:: Supplied records
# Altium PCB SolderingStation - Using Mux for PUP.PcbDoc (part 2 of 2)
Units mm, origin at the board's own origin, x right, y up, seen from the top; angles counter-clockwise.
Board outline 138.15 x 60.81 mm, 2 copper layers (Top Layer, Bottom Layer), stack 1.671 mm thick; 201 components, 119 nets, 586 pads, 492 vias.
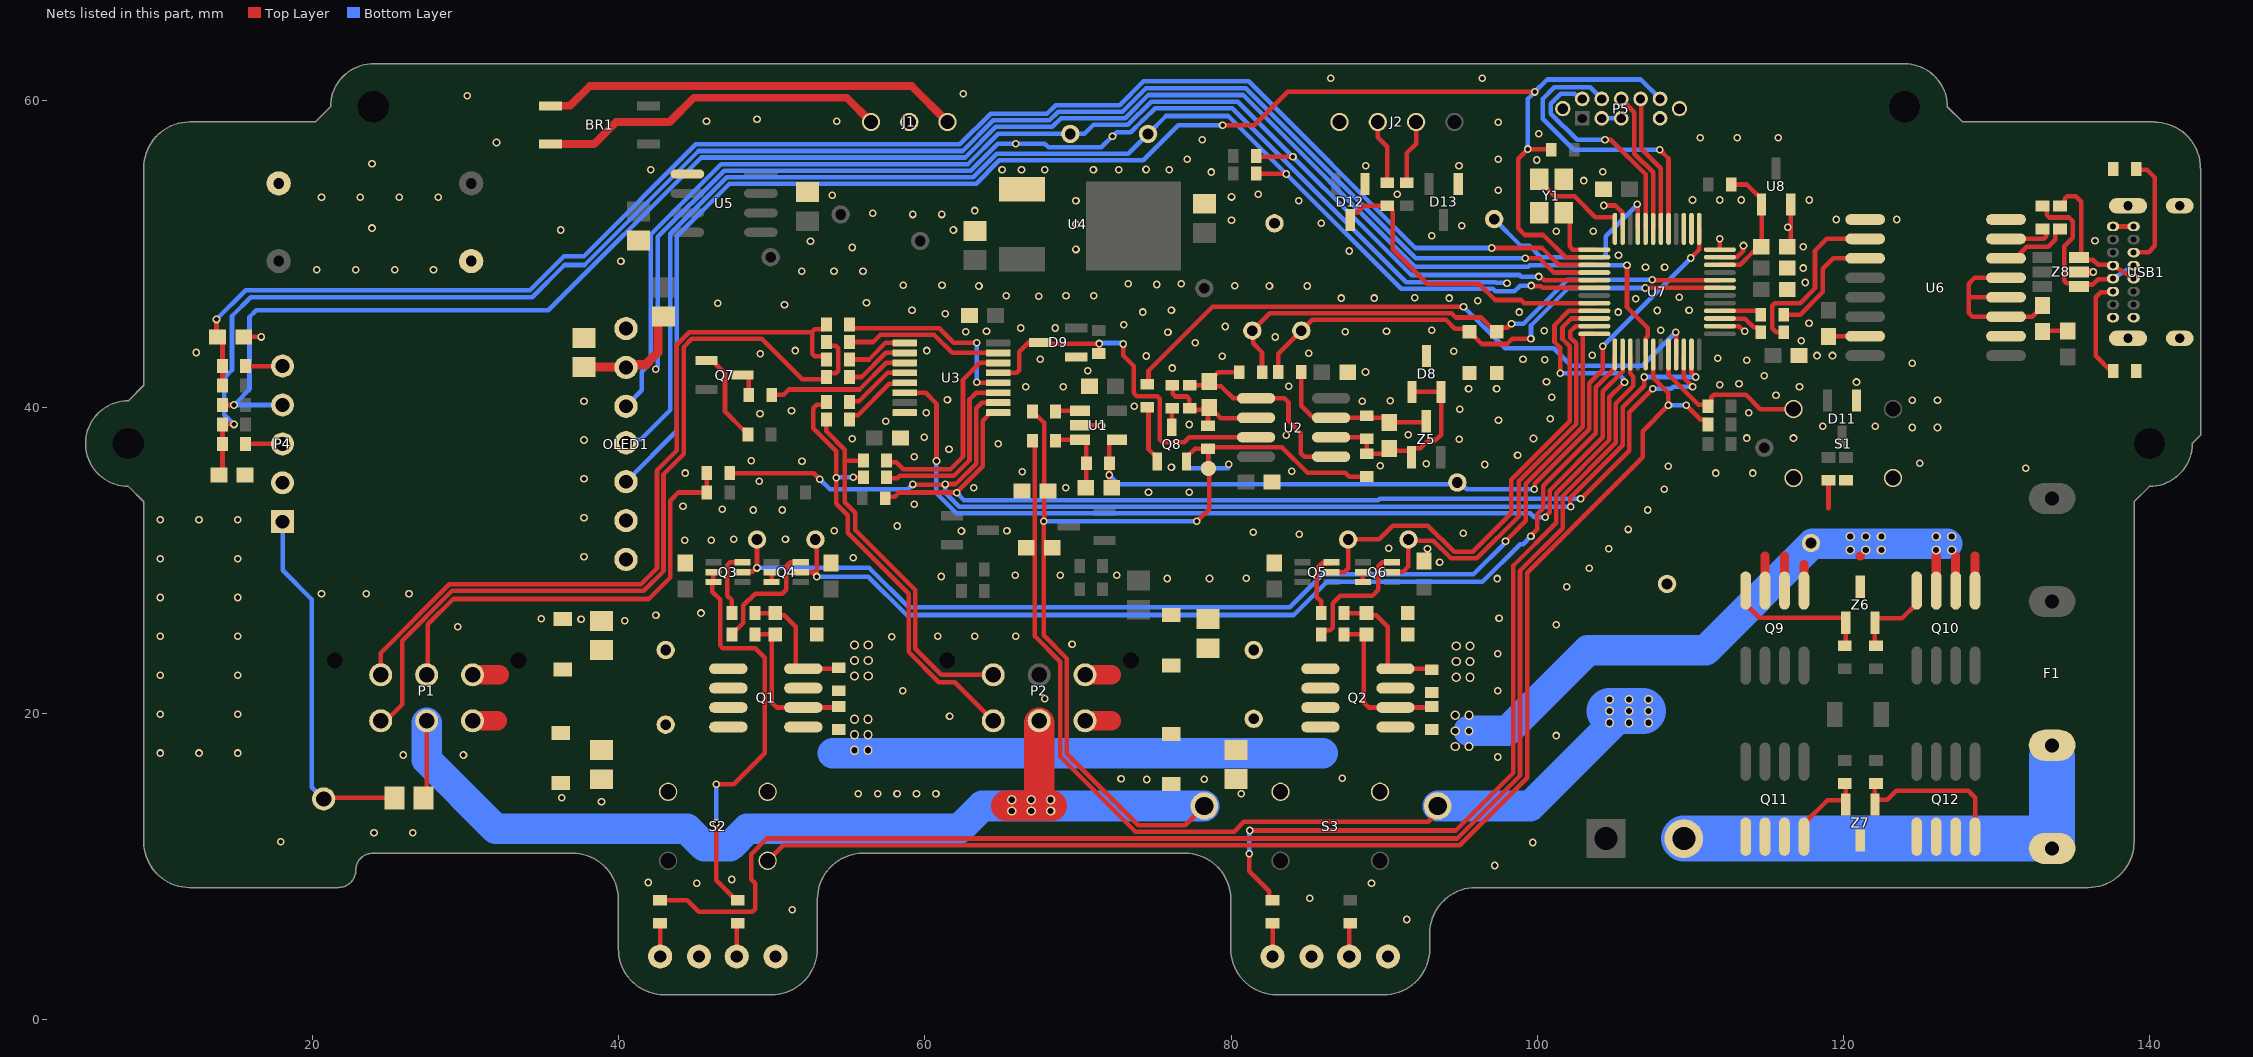
[diagram p2: the nets of this part, all layers, seen from the top]

## Via types
v1: diameter 0.5, hole 0.3, Top Layer to Bottom Layer, tented both sides, 424 vias
v2: diameter 0.6, hole 0.4, Top Layer to Bottom Layer, tented both sides, 67 vias
v3: diameter 0.75, hole 0.3, Top Layer to Bottom Layer, tented both sides, 1 vias

## Nets (pads, with @x,y where several pads share a name; then routed paths per layer and width w, separated by ;. In a path a pad name is that pad's centre, name@x,y a point inside that pad or via, vN(x,y) a via of type N, cw(c..) or ccw(c..) an arc to the next point about the centre after c; other vN are vias at no path point) (continued)
CH1_SEL: R59.1 U7.33 | length 63.3
  Top Layer w0.3: v1(81.19,10.822) 81.19,9.679 82.497,8.372 82.497,7.893 R59.1@82.601,7.789 ; v1(81.215,12.346) 94.677,12.346 98.437,16.105 98.437,29.653 101.223,32.44 101.223,33.038 101.225,33.04 101.225,34.372 104.704,37.851 104.704,40.645 v1(105.689,41.631) ; v1(101.498,42.215) 101.498,43.869 101.117,44.25 101.117,45.354 102.049,46.285 U7.33@103.766,46.285
  Bottom Layer w0.3: v1(81.19,10.822) 81.19,12.32 v1(81.215,12.346) ; v1(101.498,42.215) 105.258,42.215 105.651,41.821 105.651,41.669 v1(105.689,41.631)
CH1a_DRVn: D1a.1 Q5.5 U7.34 | length 32.1
  Top Layer w0.3: Q5.5@86.56,29.211 87.388,29.211 87.642,29.465 87.642,31.37 89.674,31.37 90.563,32.259 92.849,32.259 94.565,30.543 95.771,30.543 98.298,33.071 98.298,35.263 102.102,39.068 102.102,43.982 101.642,44.442 101.642,45.211 102.216,45.785 U7.34@103.716,45.785
CH1a_Htr+: C5.1 D3.K H1a.1 P2.4 Q2.5 Q2.6 | length 1.7
  Top Layer w1.27: P2.4@70.461,22.509 72.183,22.509
CH1a_Thm+: P2.6 R26.2 R31.2 | length 24.4
  Top Layer w0.3: R26.2@53.567,39.194 53.567,38.41 54.741,37.236 ; 54.762,37.214 54.762,36.5 54.762,33.77 55.448,33.084 55.448,31.972 59.367,28.054 59.367,24.212 61.07,22.509 P2.6@64.461,22.509 ; 54.792,36.5 R31.2@55.994,36.5
CH1b_DRVn: D1b.1 Q6.5 U7.35 | length 27.4
  Top Layer w0.3: Q6.5@90.497,29.211 90.524,29.239 91.225,29.239 91.579,29.592 91.579,31.268 93.205,31.268 94.357,30.116 96.046,30.116 98.781,32.851 98.781,35.142 102.529,38.891 102.529,44.159 102.159,44.529 102.159,44.933 102.512,45.285 U7.35@103.716,45.285 ; D1b.1@91.325,31.37 D1b.1@91.427,31.268
CH1b_Htr+: C6.1 D4.K H1b.1 P2.1 Q2.7 Q2.8 | length 1.7
  Top Layer w1.27: P2.1@70.461,19.509 72.183,19.509
CH1b_Thm+: P2.3 R27.2 R32.2 | length 28.7
  Top Layer w0.3: R27.2@53.567,40.337 53.391,40.16 52.943,40.16 52.705,39.923 52.705,38.608 54.204,37.109 v1(54.204,35.382) ; v1@54.21,35.382 54.21,33.687 54.966,32.931 54.966,31.788 58.94,27.814 58.94,24.004 60.908,22.036 61.934,22.036 P2.3@64.461,19.509 ; v1(55.321,35.408) R32.2@55.994,35.408
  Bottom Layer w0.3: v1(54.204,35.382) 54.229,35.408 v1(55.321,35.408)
::::
Type the entries again verbatim. Drop the images.

# Altium PCB SolderingStation - Using Mux for PUP.PcbDoc (part 2 of 2)
Units mm, origin at the board's own origin, x right, y up, seen from the top; angles counter-clockwise.
Board outline 138.15 x 60.81 mm, 2 copper layers (Top Layer, Bottom Layer), stack 1.671 mm thick; 201 components, 119 nets, 586 pads, 492 vias.
[diagram p2: the nets of this part, all layers, seen from the top]

## Via types
v1: diameter 0.5, hole 0.3, Top Layer to Bottom Layer, tented both sides, 424 vias
v2: diameter 0.6, hole 0.4, Top Layer to Bottom Layer, tented both sides, 67 vias
v3: diameter 0.75, hole 0.3, Top Layer to Bottom Layer, tented both sides, 1 vias

## Nets (pads, with @x,y where several pads share a name; then routed paths per layer and width w, separated by ;. In a path a pad name is that pad's centre, name@x,y a point inside that pad or via, vN(x,y) a via of type N, cw(c..) or ccw(c..) an arc to the next point about the centre after c; other vN are vias at no path point) (continued)
CH1_SEL: R59.1 U7.33 | length 63.3
  Top Layer w0.3: v1(81.19,10.822) 81.19,9.679 82.497,8.372 82.497,7.893 R59.1@82.601,7.789 ; v1(81.215,12.346) 94.677,12.346 98.437,16.105 98.437,29.653 101.223,32.44 101.223,33.038 101.225,33.04 101.225,34.372 104.704,37.851 104.704,40.645 v1(105.689,41.631) ; v1(101.498,42.215) 101.498,43.869 101.117,44.25 101.117,45.354 102.049,46.285 U7.33@103.766,46.285
  Bottom Layer w0.3: v1(81.19,10.822) 81.19,12.32 v1(81.215,12.346) ; v1(101.498,42.215) 105.258,42.215 105.651,41.821 105.651,41.669 v1(105.689,41.631)
CH1a_DRVn: D1a.1 Q5.5 U7.34 | length 32.1
  Top Layer w0.3: Q5.5@86.56,29.211 87.388,29.211 87.642,29.465 87.642,31.37 89.674,31.37 90.563,32.259 92.849,32.259 94.565,30.543 95.771,30.543 98.298,33.071 98.298,35.263 102.102,39.068 102.102,43.982 101.642,44.442 101.642,45.211 102.216,45.785 U7.34@103.716,45.785
CH1a_Htr+: C5.1 D3.K H1a.1 P2.4 Q2.5 Q2.6 | length 1.7
  Top Layer w1.27: P2.4@70.461,22.509 72.183,22.509
CH1a_Thm+: P2.6 R26.2 R31.2 | length 24.4
  Top Layer w0.3: R26.2@53.567,39.194 53.567,38.41 54.741,37.236 ; 54.762,37.214 54.762,36.5 54.762,33.77 55.448,33.084 55.448,31.972 59.367,28.054 59.367,24.212 61.07,22.509 P2.6@64.461,22.509 ; 54.792,36.5 R31.2@55.994,36.5
CH1b_DRVn: D1b.1 Q6.5 U7.35 | length 27.4
  Top Layer w0.3: Q6.5@90.497,29.211 90.524,29.239 91.225,29.239 91.579,29.592 91.579,31.268 93.205,31.268 94.357,30.116 96.046,30.116 98.781,32.851 98.781,35.142 102.529,38.891 102.529,44.159 102.159,44.529 102.159,44.933 102.512,45.285 U7.35@103.716,45.285 ; D1b.1@91.325,31.37 D1b.1@91.427,31.268
CH1b_Htr+: C6.1 D4.K H1b.1 P2.1 Q2.7 Q2.8 | length 1.7
  Top Layer w1.27: P2.1@70.461,19.509 72.183,19.509
CH1b_Thm+: P2.3 R27.2 R32.2 | length 28.7
  Top Layer w0.3: R27.2@53.567,40.337 53.391,40.16 52.943,40.16 52.705,39.923 52.705,38.608 54.204,37.109 v1(54.204,35.382) ; v1@54.21,35.382 54.21,33.687 54.966,32.931 54.966,31.788 58.94,27.814 58.94,24.004 60.908,22.036 61.934,22.036 P2.3@64.461,19.509 ; v1(55.321,35.408) R32.2@55.994,35.408
  Bottom Layer w0.3: v1(54.204,35.382) 54.229,35.408 v1(55.321,35.408)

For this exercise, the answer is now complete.